27/05/2020 - 8:05
Steve, auxiliar médico no nordeste da Inglaterra, contraiu o novo coronavírus há dois meses. Pouco depois, sua esposa ficou doente. Ambos se recuperaram, mas ficaram muito nervosos com o temor de infectar os dois filhos. A COVID-19 também cobra um preço psicológico.
“Quando voltei ao trabalho, não conseguia dormir bem, porque ficava preocupado com a possibilidade de ainda poder levar o vírus para casa e de voltar a contraí-lo”, diz à AFP o britânico de 46 anos.
“Nunca pensei que teria que trabalhar na linha de frente de uma pandemia. Queria que tudo fosse um sonho e que, ao acordar, o mundo voltasse a ser como antes”, desabafa.
Médicos, enfermeiros e auxiliares são considerados heróis da crise de saúde. Mas o estresse e a ansiedade por terem de trabalhar em um ambiente tão intenso de doença e morte se tornaram algo comum entre eles.
Os organismos profissionais dos países mais afetados na Europa buscam agora dar um apoio maior para que estas pessoas enfrentem o impacto psicológico.
“Temos aqui todos os ingredientes de risco de transtorno de estresse pós-traumático”, explica Xavier Noel, psicólogo clínico de Bruxelas.
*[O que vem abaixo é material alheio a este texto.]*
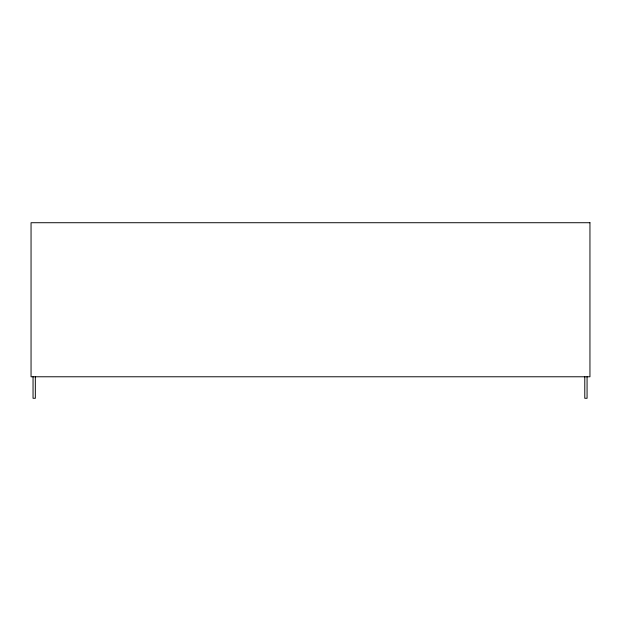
<?xml version="1.0" encoding="UTF-8"?>
<svg xmlns="http://www.w3.org/2000/svg" width="621" height="621" viewBox="0 0 621 621"><rect width="100%" height="100%" fill="white"/><g stroke="black" fill="none" stroke-linecap="round" stroke-linejoin="round"><path stroke-width="0.93" d="M587.07 376.776L587.07 398.278L584.78 398.278L584.78 376.776M35.335 376.776L35.335 398.278L33.045 398.278L33.045 376.776M589.95 222.722L31.05 222.722L31.05 376.776L589.95 376.776L589.95 222.722"/></g></svg>

Os profissionais da área de cuidados intensivos “enfrentam uma taxa de mortalidade e uma forma de morte totalmente incomuns, em um contexto mais desumanizado, sem a presença de famílias que os apoiem”, destaca.
– Depressão e risco de suicídio –
A Europa registra oficialmente quase 175.000 mortes e a batalha contra o coronavírus tem um preço elevado.
Na Espanha, mais de 50.000 profissionais da Saúde apresentaram resultado positivo para COVID-19, 22% do total de casos do país, de acordo com os dados do governo.
A ansiedade está muito presente, aponta um estudo da Universidade Complutense de Madri, segundo o qual pouco mais da metade dos 1.200 médicos entrevistados na capital e seus arredores apresentavam “sintomas depressivos”.
Um dado similar, 53%, mostrava sinais “compatíveis com estresse pós-traumático”.
“Consideramos conveniente uma rápida intervenção psicológica sobre este grupo”, afirmaram os autores do estudo, Lourdes Luceño Moreno e Jesús Martín García.
“Caso aconteça a tão temida segunda onda, vamos encontrar profissionais abalados emocionalmente e com um sistema de saúde sem capacidade de resposta”, alertaram.
A Universidade Católica do Sagrado Coração de Milão divulgou um estudo que mostra que sete em cada 10 profissionais da saúde nas regiões mais afetadas da Itália estavam extenuados, e 90% sofreram estresse psicológico.
Muitos citaram um aumento da irritabilidade, problemas durante o sono e terrores noturnos, além de crises emocionais. A pesquisadora Serena Barello afirma que o estresse normal da profissão foi exacerbado com o aumento da carga de trabalho, as difíceis condições e a incerteza.
Isto colocou a saúde “em grave risco, não apenas fisicamente, mas também emocional e psicologicamente”, completa.
Na França, uma associação de apoio aos profissionais de saúde informou que recebe mais de 70 ligações por dia. Várias são consideradas indicativas de “um risco iminente de suicídio”.
Na Bélgica, estudos apontam que dobrou o número de trabalhadores da área de saúde que pensam em abandonar a profissão. Os níveis de infelicidade são quatro vezes maiores do que o habitual.
– Etiqueta de “herói” aumenta pressão –
No Reino Unido, segundo país do mundo com mais mortes provocadas por COVID-19, atrás apenas dos Estados Unidos, a única organização que oferece ajuda psicológica para os profissionais da saúde na linha de frente também fez um alerta.
A Fundação Laura Hyde, criada em memória de uma enfermeira que se matou em 2016, informou que recebeu muitas ligações de enfermeiros, médicos e paramédicos.
Na semana passada, a fundação lançou a campanha “Não há máscara para a saúde mental”, com o objetivo de conscientizar sobre o impacto psicológico.
“Os profissionais da saúde estão realmente comovidos com todo o apreço que receberam”, disse Jennifer Hawkins, diretora da fundação.
“Mas a etiqueta de ‘herói’ pode, às vezes, deixá-los sob uma pressão ainda maior”, adverte.
“A dura realidade de seu trabalho tem um impacto significativo na saúde mental e devemos garantir que os profissionais médicos não sofram em silêncio. Que prescrevam para si mesmos o que prescreveriam para outros e que peçam ajuda”, afirma.